**RECORD SET**
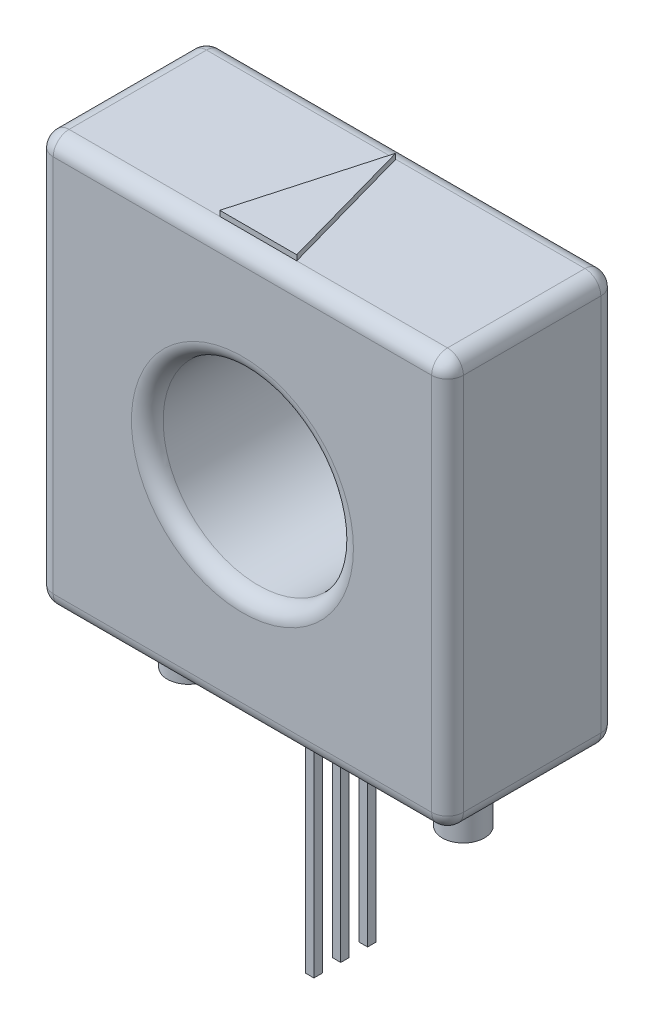
from build123d import *

# Parameters (mm, degrees)
SKETCH1_W           = 19.4
SKETCH1_H           = 19.4
SKETCH1_R           = 4.5
BOSS_EXTRUDE1_DEPTH = 8
FILLET1_R           = 0.75
SKETCH2_W           = 0.45
SKETCH2_H           = 0.216666666
BOSS_EXTRUDE2_DEPTH = 0.01
BOSS_EXTRUDE3_DEPTH = 0.25
SKETCH4_R           = 1
SKETCH4_R_2         = 0.7
SKETCH4_W           = 0.4
SKETCH4_H           = 0.4
BOSS_EXTRUDE4_DEPTH = 3
SKETCH5_W           = 0.4
SKETCH5_H           = 0.4
BOSS_EXTRUDE5_DEPTH = 9


with BuildPart() as part:
    # Sketch1 → Boss-Extrude1 (new body)
    with BuildSketch(Plane.XY):
        with Locations((9.7, -9.7)):
            Rectangle(SKETCH1_W, SKETCH1_H)
        with Locations((9.7, -9.7)):
            Circle(SKETCH1_R, mode=Mode.SUBTRACT)
    extrude(amount=BOSS_EXTRUDE1_DEPTH)

    # Fillet1
    fillet1_edges = [part.edges().sort_by_distance(p)[0] for p in [
        (19.4, -19.4, 4),
        (0, -19.4, 4),
        (0, 0, 4),
        (19.4, 0, 4),
        (19.4, -9.7, 8),
        (9.7, 0, 8),
        (0, -9.7, 8),
        (9.7, -19.4, 8),
        (9.7, -19.4, 0),
        (5.2, -9.7, 8),
        (0, -9.7, 0),
        (9.7, 0, 0),
        (19.4, -9.7, 0),
        (5.2, -9.7, 0),
    ]]
    fillet(fillet1_edges, radius=FILLET1_R)

    # Sketch2 → Boss-Extrude2 (add)
    # profile 1 of 13: a face of its own
    with BuildSketch(Plane(origin=(0, 0, 0), x_dir=(-1, 0, 0), z_dir=(0, 0, -1))):
        Polygon((-16.083333333, -2.4), (-15.842447917, -2.4), (-15.65, -3.229947917), (-15.429427083, -2.4), (-15.202604167, -2.4), (-14.983333333, -3.229947917), (-14.79140625, -2.4), (-14.55, -2.4), (-14.85078125, -3.7), (-15.09453125, -3.7), (-15.316666667, -2.859635417), (-15.540104167, -3.7), (-15.78203125, -3.7), align=None)
    # profile 2 of 13: a face of its own
    with BuildSketch(Plane(origin=(0, 0, 0), x_dir=(-1, 0, 0), z_dir=(0, 0, -1))):
        with BuildLine():
            Line((-13.175, -2.625520833), (-13.34609375, -2.7890625))
            add(Edge.make_bspline(
                [(-13.34609375, -2.7890625), (-13.360607316, -2.774055449), (-13.388956857, -2.744741976), (-13.434638636, -2.705933521), (-13.482146022, -2.673591925), (-13.530554856, -2.646354039), (-13.58073587, -2.625746637), (-13.632108836, -2.610729676), (-13.685001786, -2.601574402), (-13.7207977, -2.600526877), (-13.738802083, -2.6)],
                knots=[0, 0, 0, 0, 1.115251505, 2.178435587, 3.19620269, 4.182487026, 5.141301733, 6.088180966, 7.038406374, 8, 8, 8, 8], degree=3))
            add(Edge.make_bspline(
                [(-13.738802083, -2.6), (-13.753837931, -2.600416251), (-13.783509521, -2.601237677), (-13.827075189, -2.607259541), (-13.868748003, -2.617499983), (-13.908670614, -2.631613208), (-13.946725549, -2.649874972), (-13.982992594, -2.672271142), (-14.017382335, -2.698599447), (-14.049440503, -2.728723664), (-14.078766188, -2.761636634), (-14.104677299, -2.796754696), (-14.12638201, -2.833997394), (-14.144194713, -2.872987563), (-14.158070121, -2.913905667), (-14.167978905, -2.956724161), (-14.173709881, -3.001494036), (-14.174565267, -3.031928264), (-14.175, -3.047395833)],
                knots=[0, 0, 0, 0, 1.035432265, 2.043311493, 3.022114605, 3.98653278, 4.95457646, 5.923598177, 6.917315552, 7.932509744, 8.948865224, 9.949768934, 10.933144597, 11.912367597, 12.897413939, 13.903909035, 14.934704909, 16, 16, 16, 16], degree=3))
            add(Edge.make_bspline(
                [(-14.175, -3.047395833), (-14.174874715, -3.058252056), (-14.174627776, -3.079649894), (-14.171924589, -3.111303235), (-14.16757182, -3.142014459), (-14.161272286, -3.171737047), (-14.153394656, -3.200496756), (-14.144152402, -3.228541696), (-14.132558131, -3.255484347), (-14.119688315, -3.281637632), (-14.104720867, -3.306287925), (-14.088583198, -3.329794026), (-14.07108453, -3.352040709), (-14.052111523, -3.37293703), (-14.031397157, -3.392156425), (-14.009476821, -3.410276846), (-13.98598075, -3.426844675), (-13.961397015, -3.442275702), (-13.935513246, -3.455680767), (-13.909031728, -3.467823165), (-13.881550948, -3.477684598), (-13.853405502, -3.485633813), (-13.82469597, -3.492393432), (-13.795141549, -3.496555538), (-13.764998436, -3.499707452), (-13.744626751, -3.499902064), (-13.734375, -3.5)],
                knots=[0, 0, 0, 0, 1.103660481, 2.175337485, 3.227646561, 4.255952547, 5.262355991, 6.258840057, 7.255597736, 8.242457506, 9.22035537, 10.185017736, 11.140346927, 12.096287581, 13.051739095, 14.01125915, 14.986044842, 15.97314143, 16.960198552, 17.947847494, 18.933482797, 19.925264591, 20.920966487, 21.929612487, 22.958107872, 24, 24, 24, 24], degree=3))
            add(Edge.make_bspline(
                [(-13.734375, -3.5), (-13.716986268, -3.499497026), (-13.682821931, -3.498508812), (-13.632680855, -3.490781119), (-13.584901404, -3.478069501), (-13.546725852, -3.46305782), (-13.516816315, -3.448233589), (-13.494046627, -3.434521906), (-13.470500995, -3.419183883), (-13.446570491, -3.401640646), (-13.421985945, -3.382102722), (-13.397181332, -3.360142193), (-13.371521648, -3.336482188), (-13.354712243, -3.319595578), (-13.34609375, -3.3109375)],
                knots=[0, 0, 0, 0, 1.404581149, 2.759636711, 4.088442092, 5.392261763, 6.066678138, 6.783632037, 7.538459478, 8.336747902, 9.180226004, 10.074962426, 11.012997595, 12, 12, 12, 12], degree=3))
            Line((-13.34609375, -3.3109375), (-13.180208333, -3.48515625))
            add(Edge.make_bspline(
                [(-13.180208333, -3.48515625), (-13.191869185, -3.496414436), (-13.214628674, -3.518388009), (-13.248960732, -3.549588431), (-13.283249581, -3.577625479), (-13.316666875, -3.603516774), (-13.349760024, -3.62650804), (-13.382525518, -3.64662224), (-13.414592437, -3.664368089), (-13.446626662, -3.679446313), (-13.478827525, -3.692249292), (-13.51195843, -3.703271816), (-13.54612066, -3.712596475), (-13.581522862, -3.72012025), (-13.617834826, -3.726153302), (-13.655396385, -3.730225577), (-13.693969379, -3.732963232), (-13.720134039, -3.733209233), (-13.733333333, -3.733333333)],
                knots=[0, 0, 0, 0, 1.244526981, 2.429050516, 3.560637417, 4.644440555, 5.67424972, 6.652764056, 7.595344123, 8.486817594, 9.369275933, 10.254498637, 11.166417451, 12.086725134, 13.032340136, 13.991389299, 14.986715468, 16, 16, 16, 16], degree=3))
            add(Edge.make_bspline(
                [(-13.733333333, -3.733333333), (-13.757578803, -3.732715268), (-13.805020447, -3.731505886), (-13.87454494, -3.722545183), (-13.940591342, -3.707522723), (-14.003320331, -3.686276821), (-14.062711962, -3.659136176), (-14.11875104, -3.62586302), (-14.171347242, -3.586545755), (-14.220075695, -3.541645216), (-14.2641529, -3.49205634), (-14.303112045, -3.438811492), (-14.335339051, -3.381648993), (-14.362097828, -3.321413314), (-14.38302284, -3.257829578), (-14.397750501, -3.190829007), (-14.406832943, -3.120476292), (-14.407826575, -3.072423766), (-14.408333333, -3.047916667)],
                knots=[0, 0, 0, 0, 1.078019885, 2.10938526, 3.111377082, 4.085535484, 5.04941344, 6.010039228, 6.978205633, 7.964457913, 8.951525778, 9.924444315, 10.892603023, 11.863865945, 12.85144698, 13.863884204, 14.910567087, 16, 16, 16, 16], degree=3))
            add(Edge.make_bspline(
                [(-14.408333333, -3.047916667), (-14.408119202, -3.031933345), (-14.407694845, -3.000258309), (-14.403234817, -2.953598414), (-14.397017279, -2.908113362), (-14.38715372, -2.86427544), (-14.375264172, -2.821494069), (-14.360477958, -2.780234233), (-14.342818692, -2.740377347), (-14.322855575, -2.701856688), (-14.3002715, -2.664924608), (-14.275042609, -2.629898412), (-14.247818392, -2.596507703), (-14.217944695, -2.565195472), (-14.185855623, -2.535686792), (-14.151406297, -2.508141574), (-14.114803912, -2.48216479), (-14.075949399, -2.458426319), (-14.035597598, -2.436953609), (-13.994257452, -2.418013762), (-13.952030528, -2.402184412), (-13.909095366, -2.389054549), (-13.865270564, -2.379254036), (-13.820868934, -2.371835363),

**ABOUT THIS EXERCISE**
Which lines hold the word "with"? Copy each of them from the records.

**RESPONSE FOR THIS EXERCISE**
with BuildPart() as part:
    with BuildSketch(Plane.XY):
        with Locations((9.7, -9.7)):
        with Locations((9.7, -9.7)):
    with BuildSketch(Plane(origin=(0, 0, 0), x_dir=(-1, 0, 0), z_dir=(0, 0, -1))):
    with BuildSketch(Plane(origin=(0, 0, 0), x_dir=(-1, 0, 0), z_dir=(0, 0, -1))):
        with BuildLine():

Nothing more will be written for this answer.